The RecognizeNamedEntities class is generated automatically by NetBeans based on the class name that we specified in the form when creating a new
. The path value we entered in that form is used in the @Path annotation. The @Path annotation is a relative URI path where the resource is hosted. In this case, the Java class will be hosted at the relative URI path recognize/ne/tcf03. It means it will be available at the full URI: http://localhost:8080/WebLichtServices/resources/recognize/ne/tcf03 (replace localhost:8080 by your server host name).The method addNamedEntitiesLayer we annotated with the @POST annotation. It means that this method will be called whenever a client makes an HTTP POST request to http://localhost:8080/WebLichtServices/resources/recognize/ne/tcf03
The @Consumes annotation means that our resource expects the client to send some input, namely TCF document. TCF format is XML, so we put "text/xml" in accepted media types. To read in that input we use java.io.File that we provided in the method parameter. java.io.File is just one of Java types for which JAX-RS supports marshalling. Using File vs. String, InputStream or Reader will allow us to receive and proccess big TCF files from the client requests.
The @Produces annotation means that our resource, after processing the client request, will send some output to the client. We output a TCF document with a new annotation layer added, therefore we again put "text/xml" media type. The output comes into the method return parameter value. We use String as return parameter, i.e. we will return TCF output as String, this String will be sent to the response output stream sent to the client. Another alternative, which would make it possible to output very large data, is to use StreamingOutput implementation and write directly to the response output stream. More about JAX-RS mappping of HTTP Response and Request Entity Bodies to specific Java types can be found in "RESTful Java with Jax-RS" by Bill Burke.
Inside the method we create Reader for reading the input stream from java.io.File object. This java.io.File object will be created from the client request and will be injected by the JAX-RS runtime. We also create StringWriter object that we will use to write the output of the named entity recognizer.
Next, we obtain an instance of Recognizer class and run it on our input producing the output. If our recognizer would be a real one, for example one based on a machine learning model, its initialization could be an expensive operation and the memory requirements could also be high. In that case it is better to initialize the heavy-weighted objects only once, so that only one (or a limited pool) of their instances serve all the clients. That's why in the sample we initialize the recognizer only the first time the service is called by a client. We assign it as an attribute to the servletContext and all the later calls will use an already existing instance of Recognizer from the context.

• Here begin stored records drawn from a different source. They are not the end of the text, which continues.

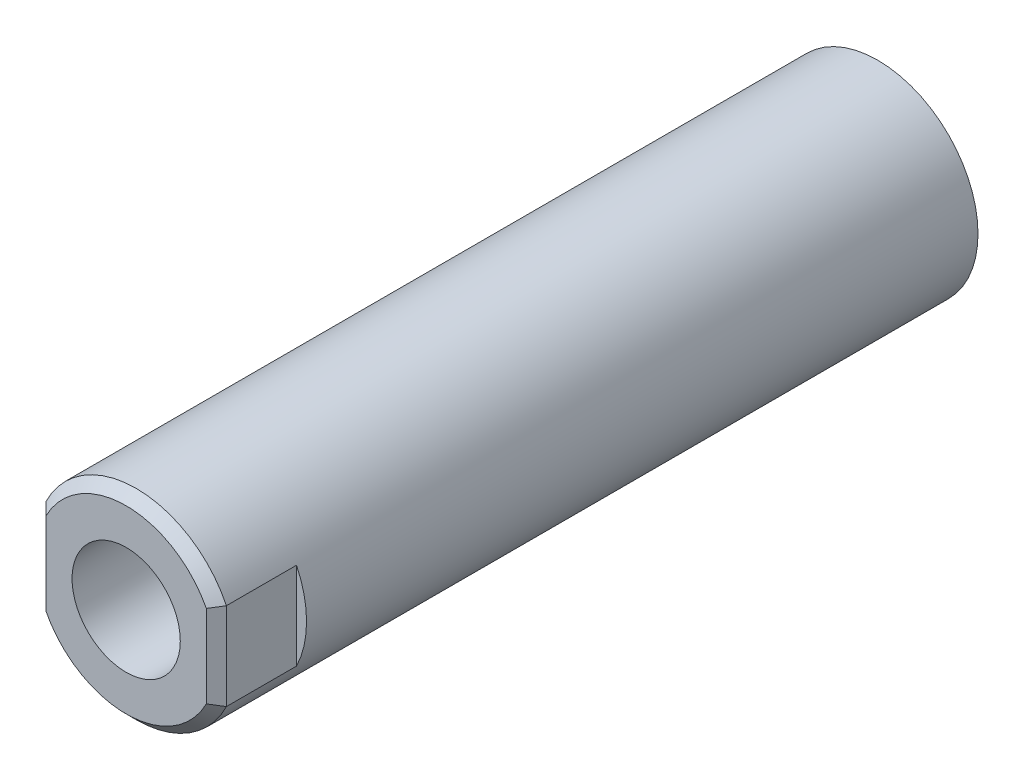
ISO-10303-21;
HEADER;
FILE_DESCRIPTION(('STEP AP214'),'2;1');
FILE_NAME('part.step','',(''),(''),'','','');
FILE_SCHEMA(('AUTOMOTIVE_DESIGN { 1 0 10303 214 1 1 1 1 }'));
ENDSEC;
DATA;
#1=APPLICATION_CONTEXT('core data for automotive mechanical design processes');
#2=APPLICATION_PROTOCOL_DEFINITION('international standard','automotive_design',2000,#1);
#3=PRODUCT_CONTEXT('',#1,'mechanical');
#4=PRODUCT('Part','Part','',(#3));
#5=PRODUCT_RELATED_PRODUCT_CATEGORY('part','',(#4));
#6=PRODUCT_DEFINITION_FORMATION('','',#4);
#7=PRODUCT_DEFINITION_CONTEXT('part definition',#1,'design');
#8=PRODUCT_DEFINITION('design','',#6,#7);
#9=PRODUCT_DEFINITION_SHAPE('','',#8);
#10=(LENGTH_UNIT() NAMED_UNIT(*) SI_UNIT(.MILLI.,.METRE.));
#11=(NAMED_UNIT(*) PLANE_ANGLE_UNIT() SI_UNIT($,.RADIAN.));
#12=(NAMED_UNIT(*) SI_UNIT($,.STERADIAN.) SOLID_ANGLE_UNIT());
#13=UNCERTAINTY_MEASURE_WITH_UNIT(LENGTH_MEASURE(1.E-05),#10,'distance_accuracy_value','');
#14=(GEOMETRIC_REPRESENTATION_CONTEXT(3) GLOBAL_UNCERTAINTY_ASSIGNED_CONTEXT((#13)) GLOBAL_UNIT_ASSIGNED_CONTEXT((#10,
#11,#12)) REPRESENTATION_CONTEXT('',''));
#15=CARTESIAN_POINT('',(0.,0.,0.));
#16=DIRECTION('',(0.,0.,1.));
#17=DIRECTION('',(1.,0.,0.));
#18=AXIS2_PLACEMENT_3D('',#15,#16,#17);
#19=CARTESIAN_POINT('',(0.,0.,-75.));
#20=DIRECTION('',(0.,0.,1.));
#21=DIRECTION('',(1.,0.,0.));
#22=AXIS2_PLACEMENT_3D('',#19,#20,#21);
#23=CYLINDRICAL_SURFACE('',#22,10.);
#24=DIRECTION('',(0.,0.,1.));
#25=VECTOR('',#24,1.);
#26=CARTESIAN_POINT('',(9.,-4.35889894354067,-75.));
#27=LINE('',#26,#25);
#28=CARTESIAN_POINT('',(9.,-4.35889894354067,-0.999999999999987));
#29=VERTEX_POINT('',#28);
#30=CARTESIAN_POINT('',(9.,-4.35889894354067,-7.99999999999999));
#31=VERTEX_POINT('',#30);
#32=EDGE_CURVE('E120',#29,#31,#27,.F.);
#33=ORIENTED_EDGE('',*,*,#32,.F.);
#34=CARTESIAN_POINT('',(0.,0.,-1.));
#35=DIRECTION('',(0.,0.,1.));
#36=DIRECTION('',(1.,0.,0.));
#37=AXIS2_PLACEMENT_3D('',#34,#35,#36);
#38=CIRCLE('',#37,10.);
#39=CARTESIAN_POINT('',(-9.,-4.35889894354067,-0.999999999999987));
#40=VERTEX_POINT('',#39);
#41=EDGE_CURVE('E46',#29,#40,#38,.F.);
#42=ORIENTED_EDGE('',*,*,#41,.T.);
#43=DIRECTION('',(0.,0.,1.));
#44=VECTOR('',#43,1.);
#45=CARTESIAN_POINT('',(-9.,-4.35889894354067,-75.));
#46=LINE('',#45,#44);
#47=CARTESIAN_POINT('',(-9.,-4.35889894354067,-8.));
#48=VERTEX_POINT('',#47);
#49=EDGE_CURVE('E106',#48,#40,#46,.T.);
#50=ORIENTED_EDGE('',*,*,#49,.F.);
#51=CARTESIAN_POINT('',(0.,0.,-7.99999999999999));
#52=DIRECTION('',(0.,0.,-1.));
#53=DIRECTION('',(-1.,0.,0.));
#54=AXIS2_PLACEMENT_3D('',#51,#52,#53);
#55=CIRCLE('',#54,10.);
#56=CARTESIAN_POINT('',(-9.,4.35889894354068,-8.));
#57=VERTEX_POINT('',#56);
#58=EDGE_CURVE('E127',#57,#48,#55,.F.);
#59=ORIENTED_EDGE('',*,*,#58,.F.);
#60=DIRECTION('',(0.,0.,1.));
#61=VECTOR('',#60,1.);
#62=CARTESIAN_POINT('',(-9.,4.35889894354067,-75.));
#63=LINE('',#62,#61);
#64=CARTESIAN_POINT('',(-9.,4.35889894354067,-0.999999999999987));
#65=VERTEX_POINT('',#64);
#66=EDGE_CURVE('E112',#65,#57,#63,.F.);
#67=ORIENTED_EDGE('',*,*,#66,.F.);
#68=CARTESIAN_POINT('',(0.,0.,-1.));
#69=DIRECTION('',(0.,0.,1.));
#70=DIRECTION('',(1.,0.,0.));
#71=AXIS2_PLACEMENT_3D('',#68,#69,#70);
#72=CIRCLE('',#71,10.);
#73=CARTESIAN_POINT('',(9.,4.35889894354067,-0.999999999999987));
#74=VERTEX_POINT('',#73);
#75=EDGE_CURVE('E141',#65,#74,#72,.F.);
#76=ORIENTED_EDGE('',*,*,#75,.T.);
#77=DIRECTION('',(0.,0.,1.));
#78=VECTOR('',#77,1.);
#79=CARTESIAN_POINT('',(9.,4.35889894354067,-75.));
#80=LINE('',#79,#78);
#81=CARTESIAN_POINT('',(9.,4.35889894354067,-7.99999999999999));
#82=VERTEX_POINT('',#81);
#83=EDGE_CURVE('E117',#82,#74,#80,.T.);
#84=ORIENTED_EDGE('',*,*,#83,.F.);
#85=CARTESIAN_POINT('',(0.,0.,-7.99999999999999));
#86=DIRECTION('',(0.,0.,-1.));
#87=DIRECTION('',(-1.,0.,0.));
#88=AXIS2_PLACEMENT_3D('',#85,#86,#87);
#89=CIRCLE('',#88,10.);
#90=EDGE_CURVE('E125',#31,#82,#89,.F.);
#91=ORIENTED_EDGE('',*,*,#90,.F.);
#92=EDGE_LOOP('',(#33,#42,#50,#59,#67,#76,#84,#91));
#93=FACE_BOUND('',#92,.T.);
#94=CARTESIAN_POINT('',(0.,0.,-75.));
#95=DIRECTION('',(0.,0.,1.));
#96=DIRECTION('',(1.,0.,0.));
#97=AXIS2_PLACEMENT_3D('',#94,#95,#96);
#98=CIRCLE('',#97,10.);
#99=CARTESIAN_POINT('',(10.,0.,-75.));
#100=VERTEX_POINT('',#99);
#101=EDGE_CURVE('E122',#100,#100,#98,.T.);
#102=ORIENTED_EDGE('',*,*,#101,.T.);
#103=EDGE_LOOP('',(#102));
#104=FACE_BOUND('',#103,.T.);
#105=ADVANCED_FACE('F33',(#93,#104),#23,.T.);
#106=CARTESIAN_POINT('',(0.,0.,-75.));
#107=DIRECTION('',(0.,0.,1.));
#108=DIRECTION('',(1.,0.,0.));
#109=AXIS2_PLACEMENT_3D('',#106,#107,#108);
#110=PLANE('',#109);
#111=ORIENTED_EDGE('',*,*,#101,.F.);
#112=EDGE_LOOP('',(#111));
#113=FACE_BOUND('',#112,.T.);
#114=ADVANCED_FACE('F176',(#113),#110,.F.);
#115=CARTESIAN_POINT('',(0.,0.,0.));
#116=DIRECTION('',(0.,0.,1.));
#117=DIRECTION('',(1.,0.,0.));
#118=AXIS2_PLACEMENT_3D('',#115,#116,#117);
#119=PLANE('',#118);
#120=CARTESIAN_POINT('',(0.,0.,0.));
#121=DIRECTION('',(0.,0.,1.));
#122=DIRECTION('',(1.,0.,0.));
#123=AXIS2_PLACEMENT_3D('',#120,#121,#122);
#124=CIRCLE('',#123,9.00000000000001);
#125=CARTESIAN_POINT('',(-8.00000000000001,-4.12310562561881,0.));
#126=VERTEX_POINT('',#125);
#127=CARTESIAN_POINT('',(7.99999999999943,-4.12310562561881,0.));
#128=VERTEX_POINT('',#127);
#129=EDGE_CURVE('E136',#126,#128,#124,.T.);
#130=ORIENTED_EDGE('',*,*,#129,.T.);
#131=DIRECTION('',(0.,1.,0.));
#132=VECTOR('',#131,1.);
#133=CARTESIAN_POINT('',(8.00000000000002,4.35889894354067,0.));
#134=LINE('',#133,#132);
#135=CARTESIAN_POINT('',(7.99999999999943,4.12310562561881,0.));
#136=VERTEX_POINT('',#135);
#137=EDGE_CURVE('E138',#128,#136,#134,.T.);
#138=ORIENTED_EDGE('',*,*,#137,.T.);
#139=CARTESIAN_POINT('',(0.,0.,0.));
#140=DIRECTION('',(0.,0.,1.));
#141=DIRECTION('',(1.,0.,0.));
#142=AXIS2_PLACEMENT_3D('',#139,#140,#141);
#143=CIRCLE('',#142,9.00000000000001);
#144=CARTESIAN_POINT('',(-7.99999999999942,4.12310562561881,0.));
#145=VERTEX_POINT('',#144);
#146=EDGE_CURVE('E132',#136,#145,#143,.T.);
#147=ORIENTED_EDGE('',*,*,#146,.T.);
#148=DIRECTION('',(0.,-1.,0.));
#149=VECTOR('',#148,1.);
#150=CARTESIAN_POINT('',(-8.00000000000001,-4.35889894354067,0.));
#151=LINE('',#150,#149);
#152=EDGE_CURVE('E134',#145,#126,#151,.T.);
#153=ORIENTED_EDGE('',*,*,#152,.T.);
#154=EDGE_LOOP('',(#130,#138,#147,#153));
#155=FACE_BOUND('',#154,.T.);
#156=CARTESIAN_POINT('',(0.,0.,0.));
#157=DIRECTION('',(0.,0.,1.));
#158=DIRECTION('',(1.,0.,0.));
#159=AXIS2_PLACEMENT_3D('',#156,#157,#158);
#160=CIRCLE('',#159,5.39999999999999);
#161=CARTESIAN_POINT('',(5.39999999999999,0.,0.));
#162=VERTEX_POINT('',#161);
#163=EDGE_CURVE('E103',#162,#162,#160,.T.);
#164=ORIENTED_EDGE('',*,*,#163,.F.);
#165=EDGE_LOOP('',(#164));
#166=FACE_BOUND('',#165,.T.);
#167=ADVANCED_FACE('F180',(#155,#166),#119,.T.);
#168=CARTESIAN_POINT('',(9.,-10.5,0.));
#169=DIRECTION('',(-1.,0.,0.));
#170=DIRECTION('',(0.,0.,1.));
#171=AXIS2_PLACEMENT_3D('',#168,#169,#170);
#172=PLANE('',#171);
#173=ORIENTED_EDGE('',*,*,#83,.T.);
#174=DIRECTION('',(0.,-1.,0.));
#175=VECTOR('',#174,1.);
#176=CARTESIAN_POINT('',(9.,-4.35889894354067,-0.999999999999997));
#177=LINE('',#176,#175);
#178=EDGE_CURVE('E129',#74,#29,#177,.T.);
#179=ORIENTED_EDGE('',*,*,#178,.T.);
#180=ORIENTED_EDGE('',*,*,#32,.T.);
#181=DIRECTION('',(0.,1.,0.));
#182=VECTOR('',#181,1.);
#183=CARTESIAN_POINT('',(9.,-10.5,-8.));
#184=LINE('',#183,#182);
#185=EDGE_CURVE('E114',#31,#82,#184,.T.);
#186=ORIENTED_EDGE('',*,*,#185,.T.);
#187=EDGE_LOOP('',(#173,#179,#180,#186));
#188=FACE_BOUND('',#187,.T.);
#189=ADVANCED_FACE('F186',(#188),#172,.F.);
#190=CARTESIAN_POINT('',(9.,-10.5,-8.));
#191=DIRECTION('',(0.,0.,-1.));
#192=DIRECTION('',(-1.,0.,0.));
#193=AXIS2_PLACEMENT_3D('',#190,#191,#192);
#194=PLANE('',#193);
#195=ORIENTED_EDGE('',*,*,#90,.T.);
#196=ORIENTED_EDGE('',*,*,#185,.F.);
#197=EDGE_LOOP('',(#195,#196));
#198=FACE_BOUND('',#197,.T.);
#199=ADVANCED_FACE('F191',(#198),#194,.F.);
#200=CARTESIAN_POINT('',(-11.5,-10.5,-8.));
#201=DIRECTION('',(0.,0.,-1.));
#202=DIRECTION('',(-1.,0.,0.));
#203=AXIS2_PLACEMENT_3D('',#200,#201,#202);
#204=PLANE('',#203);
#205=ORIENTED_EDGE('',*,*,#58,.T.);
#206=DIRECTION('',(0.,1.,0.));
#207=VECTOR('',#206,1.);
#208=CARTESIAN_POINT('',(-9.,-10.5,-8.));
#209=LINE('',#208,#207);
#210=EDGE_CURVE('E102',#48,#57,#209,.T.);
#211=ORIENTED_EDGE('',*,*,#210,.T.);
#212=EDGE_LOOP('',(#205,#211));
#213=FACE_BOUND('',#212,.T.);
#214=ADVANCED_FACE('F195',(#213),#204,.F.);
#215=CARTESIAN_POINT('',(-9.,-10.5,0.));
#216=DIRECTION('',(1.,0.,0.));
#217=DIRECTION('',(0.,0.,-1.));
#218=AXIS2_PLACEMENT_3D('',#215,#216,#217);
#219=PLANE('',#218);
#220=ORIENTED_EDGE('',*,*,#49,.T.);
#221=DIRECTION('',(0.,1.,0.));
#222=VECTOR('',#221,1.);
#223=CARTESIAN_POINT('',(-9.,4.35889894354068,-0.999999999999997));
#224=LINE('',#223,#222);
#225=EDGE_CURVE('E11',#40,#65,#224,.T.);
#226=ORIENTED_EDGE('',*,*,#225,.T.);
#227=ORIENTED_EDGE('',*,*,#66,.T.);
#228=ORIENTED_EDGE('',*,*,#210,.F.);
#229=EDGE_LOOP('',(#220,#226,#227,#228));
#230=FACE_BOUND('',#229,.T.);
#231=ADVANCED_FACE('F96',(#230),#219,.F.);
#232=CARTESIAN_POINT('',(0.,0.,-24.75));
#233=DIRECTION('',(0.,0.,1.));
#234=DIRECTION('',(1.,0.,0.));
#235=AXIS2_PLACEMENT_3D('',#232,#233,#234);
#236=CONICAL_SURFACE('',#235,5.39999999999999,1.02974425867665);
#237=CARTESIAN_POINT('',(0.,0.,-27.9946473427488));
#238=VERTEX_POINT('',#237);
#239=VERTEX_LOOP('',#238);
#240=FACE_BOUND('',#239,.T.);
#241=CARTESIAN_POINT('',(0.,0.,-24.75));
#242=DIRECTION('',(0.,0.,1.));
#243=DIRECTION('',(1.,0.,0.));
#244=AXIS2_PLACEMENT_3D('',#241,#242,#243);
#245=CIRCLE('',#244,5.39999999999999);
#246=CARTESIAN_POINT('',(5.39999999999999,0.,-24.75));
#247=VERTEX_POINT('',#246);
#248=EDGE_CURVE('E100',#247,#247,#245,.T.);
#249=ORIENTED_EDGE('',*,*,#248,.T.);
#250=EDGE_LOOP('',(#249));
#251=FACE_BOUND('',#250,.T.);
#252=ADVANCED_FACE('F92',(#240,#251),#236,.F.);
#253=CARTESIAN_POINT('',(0.,0.,0.));
#254=DIRECTION('',(0.,0.,1.));
#255=DIRECTION('',(1.,0.,0.));
#256=AXIS2_PLACEMENT_3D('',#253,#254,#255);
#257=CYLINDRICAL_SURFACE('',#256,5.39999999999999);
#258=ORIENTED_EDGE('',*,*,#248,.F.);
#259=EDGE_LOOP('',(#258));
#260=FACE_BOUND('',#259,.T.);
#261=ORIENTED_EDGE('',*,*,#163,.T.);
#262=EDGE_LOOP('',(#261));
#263=FACE_BOUND('',#262,.T.);
#264=ADVANCED_FACE('F95',(#260,#263),#257,.F.);
#265=CARTESIAN_POINT('',(-9.,-10.5,-0.999999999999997));
#266=DIRECTION('',(-0.707106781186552,0.,0.707106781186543));
#267=DIRECTION('',(0.707106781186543,0.,0.707106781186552));
#268=AXIS2_PLACEMENT_3D('',#265,#266,#267);
#269=PLANE('',#268);
#270=CARTESIAN_POINT('',(-9.,-4.35889894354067,-0.999999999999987));
#271=CARTESIAN_POINT('',(-8.83320808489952,-4.32066280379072,-0.83320808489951));
#272=CARTESIAN_POINT('',(-8.66647881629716,-4.28189529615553,-0.666478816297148));
#273=CARTESIAN_POINT('',(-8.33314548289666,-4.20329752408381,-0.333145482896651));
#274=CARTESIAN_POINT('',(-8.16654141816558,-4.16346725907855,-0.166541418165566));
#275=CARTESIAN_POINT('',(-7.99999999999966,-4.12310562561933,3.53197194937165E-13));
#276=B_SPLINE_CURVE_WITH_KNOTS('',3,(#270,#271,#272,#273,#274,#275),.UNSPECIFIED.,.F.,.F.,(4,2,
4),(0.,0.716869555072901,1.43373949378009),.UNSPECIFIED.);
#277=EDGE_CURVE('E289',#126,#40,#276,.F.);
#278=ORIENTED_EDGE('',*,*,#277,.F.);
#279=ORIENTED_EDGE('',*,*,#152,.F.);
#280=CARTESIAN_POINT('',(-9.,4.35889894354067,-0.999999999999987));
#281=CARTESIAN_POINT('',(-8.83320808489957,4.32066280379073,-0.833208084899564));
#282=CARTESIAN_POINT('',(-8.66647881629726,4.28189529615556,-0.666478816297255));
#283=CARTESIAN_POINT('',(-8.33314548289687,4.20329752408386,-0.333145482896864));
#284=CARTESIAN_POINT('',(-8.16654141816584,4.16346725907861,-0.166541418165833));
#285=CARTESIAN_POINT('',(-7.99999999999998,4.1231056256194,0.));
#286=B_SPLINE_CURVE_WITH_KNOTS('',3,(#280,#281,#282,#283,#284,#285),.UNSPECIFIED.,.F.,.F.,(4,2,
4),(0.,0.716869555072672,1.43373949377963),.UNSPECIFIED.);
#287=EDGE_CURVE('E38',#65,#145,#286,.T.);
#288=ORIENTED_EDGE('',*,*,#287,.F.);
#289=ORIENTED_EDGE('',*,*,#225,.F.);
#290=EDGE_LOOP('',(#278,#279,#288,#289));
#291=FACE_BOUND('',#290,.T.);
#292=ADVANCED_FACE('F35',(#291),#269,.T.);
#293=CARTESIAN_POINT('',(0.,0.,0.));
#294=DIRECTION('',(0.,0.,-1.));
#295=DIRECTION('',(-1.,0.,0.));
#296=AXIS2_PLACEMENT_3D('',#293,#294,#295);
#297=CONICAL_SURFACE('',#296,9.00000000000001,0.785398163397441);
#298=ORIENTED_EDGE('',*,*,#287,.T.);
#299=ORIENTED_EDGE('',*,*,#146,.F.);
#300=CARTESIAN_POINT('',(8.00000000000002,4.12310562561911,0.));
#301=CARTESIAN_POINT('',(8.1665414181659,4.16346725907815,-0.166541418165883));
#302=CARTESIAN_POINT('',(8.33314548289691,4.20329752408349,-0.333145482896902));
#303=CARTESIAN_POINT('',(8.66647881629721,4.28189529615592,-0.666478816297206));
#304=CARTESIAN_POINT('',(8.83320808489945,4.32066280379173,-0.833208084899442));
#305=CARTESIAN_POINT('',(8.99999999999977,4.35889894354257,-0.999999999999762));
#306=B_SPLINE_CURVE_WITH_KNOTS('',3,(#300,#301,#302,#303,#304,#305),.UNSPECIFIED.,.F.,.F.,(4,2,
4),(0.,0.716869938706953,1.43373949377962),.UNSPECIFIED.);
#307=EDGE_CURVE('E151',#74,#136,#306,.F.);
#308=ORIENTED_EDGE('',*,*,#307,.F.);
#309=ORIENTED_EDGE('',*,*,#75,.F.);
#310=EDGE_LOOP('',(#298,#299,#308,#309));
#311=FACE_BOUND('',#310,.T.);
#312=ADVANCED_FACE('F162',(#311),#297,.T.);
#313=CARTESIAN_POINT('',(0.,0.,0.));
#314=DIRECTION('',(0.,0.,-1.));
#315=DIRECTION('',(-1.,0.,0.));
#316=AXIS2_PLACEMENT_3D('',#313,#314,#315);
#317=CONICAL_SURFACE('',#316,9.00000000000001,0.785398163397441);
#318=ORIENTED_EDGE('',*,*,#277,.T.);
#319=ORIENTED_EDGE('',*,*,#41,.F.);
#320=CARTESIAN_POINT('',(9.,-4.35889894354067,-0.999999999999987));
#321=CARTESIAN_POINT('',(8.83320808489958,-4.32066280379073,-0.833208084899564));
#322=CARTESIAN_POINT('',(8.66647881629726,-4.28189529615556,-0.666478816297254));
#323=CARTESIAN_POINT('',(8.33314548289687,-4.20329752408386,-0.333145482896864));
#324=CARTESIAN_POINT('',(8.16654141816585,-4.16346725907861,-0.166541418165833));
#325=CARTESIAN_POINT('',(7.99999999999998,-4.1231056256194,0.));
#326=B_SPLINE_CURVE_WITH_KNOTS('',3,(#320,#321,#322,#323,#324,#325),.UNSPECIFIED.,.F.,.F.,(4,2,
4),(0.,0.716869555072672,1.43373949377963),.UNSPECIFIED.);
#327=EDGE_CURVE('E144',#128,#29,#326,.F.);
#328=ORIENTED_EDGE('',*,*,#327,.F.);
#329=ORIENTED_EDGE('',*,*,#129,.F.);
#330=EDGE_LOOP('',(#318,#319,#328,#329));
#331=FACE_BOUND('',#330,.T.);
#332=ADVANCED_FACE('F155',(#331),#317,.T.);
#333=CARTESIAN_POINT('',(9.,-10.5,-0.999999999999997));
#334=DIRECTION('',(0.707106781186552,0.,0.707106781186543));
#335=DIRECTION('',(0.707106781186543,0.,-0.707106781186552));
#336=AXIS2_PLACEMENT_3D('',#333,#334,#335);
#337=PLANE('',#336);
#338=ORIENTED_EDGE('',*,*,#307,.T.);
#339=ORIENTED_EDGE('',*,*,#137,.F.);
#340=ORIENTED_EDGE('',*,*,#327,.T.);
#341=ORIENTED_EDGE('',*,*,#178,.F.);
#342=EDGE_LOOP('',(#338,#339,#340,#341));
#343=FACE_BOUND('',#342,.T.);
#344=ADVANCED_FACE('F158',(#343),#337,.T.);
#345=CLOSED_SHELL('',(#105,#114,#167,#189,#199,#214,#231,#252,#264,#292,#312,#332,#344));
#346=MANIFOLD_SOLID_BREP('B2',#345);
#347=ADVANCED_BREP_SHAPE_REPRESENTATION('',(#18,#346),#14);
#348=SHAPE_DEFINITION_REPRESENTATION(#9,#347);
ENDSEC;
END-ISO-10303-21;

In case the named entity recognizer is not multithread safe, we would also want to make sure that only one client has access to it at any given time. That's why we use it inside a synchronized block.
Note that if your objects needed for serving client requests are light-weighted and you can afford creating separate instances of these objects for each client request, you don't need to use servletContext and don't need to worry about syncronization.
Additionally, we handle checked exceptions that may happen during processing by building a response containg HTTP error code and a message explaining the problem. We rethrow provided by JAX-RS unchecked exception WebAllicationException with the error response we built. WebLicht requires to use HTTP error codes to report an error and encourages to provide meaningful messages for the error source whenever possible.
Finally, we return String obtained from StringWriter that holds the output of named entity recognition. This String will be streamed to the client.
Test the service
To test the service with the help of NetBeans:
- Get the sample input TCF document (input.xml) from WebLicht tutorial sample
- Right-click the project node and click .
- This step deploys the application and brings up a test client in the browser.
- When the test client appears, select the recognize/ne/tcf03 resource in the left pane:
- Copy and paste content of input.xml file into the field.
- To call the service click the button in the right pane.
- The service will produce output that you could see in the window below:
You can see that the token that has id "t1" ("Karin" token) was identified as PER (person) named entity, and the new layer, namedEntities, is added to the output TCF.
The test client provided by NetBeans is also good to test error responses. For example, our recognizer requires tokens layer in input. Removing the tokens layer from the input and clicking
correctly produces Bad Request error (HTTP status 400) and error message pointing to the problem:Prepare the service for deployment
To deploy your web application on the web server and make it available you need to package it as WAR file. WAR file is just a JAR file used to distribute a collection of JavaServer Pages, servlets, Java classes, XML files, tag libraries and static Web pages (HTML and related files) that together constitute a Web application. With NetBeans you can package your web application as WAR in the following way:
- Right-click the project node and click .
- Go to the window, then double click on folder, then double click on folder.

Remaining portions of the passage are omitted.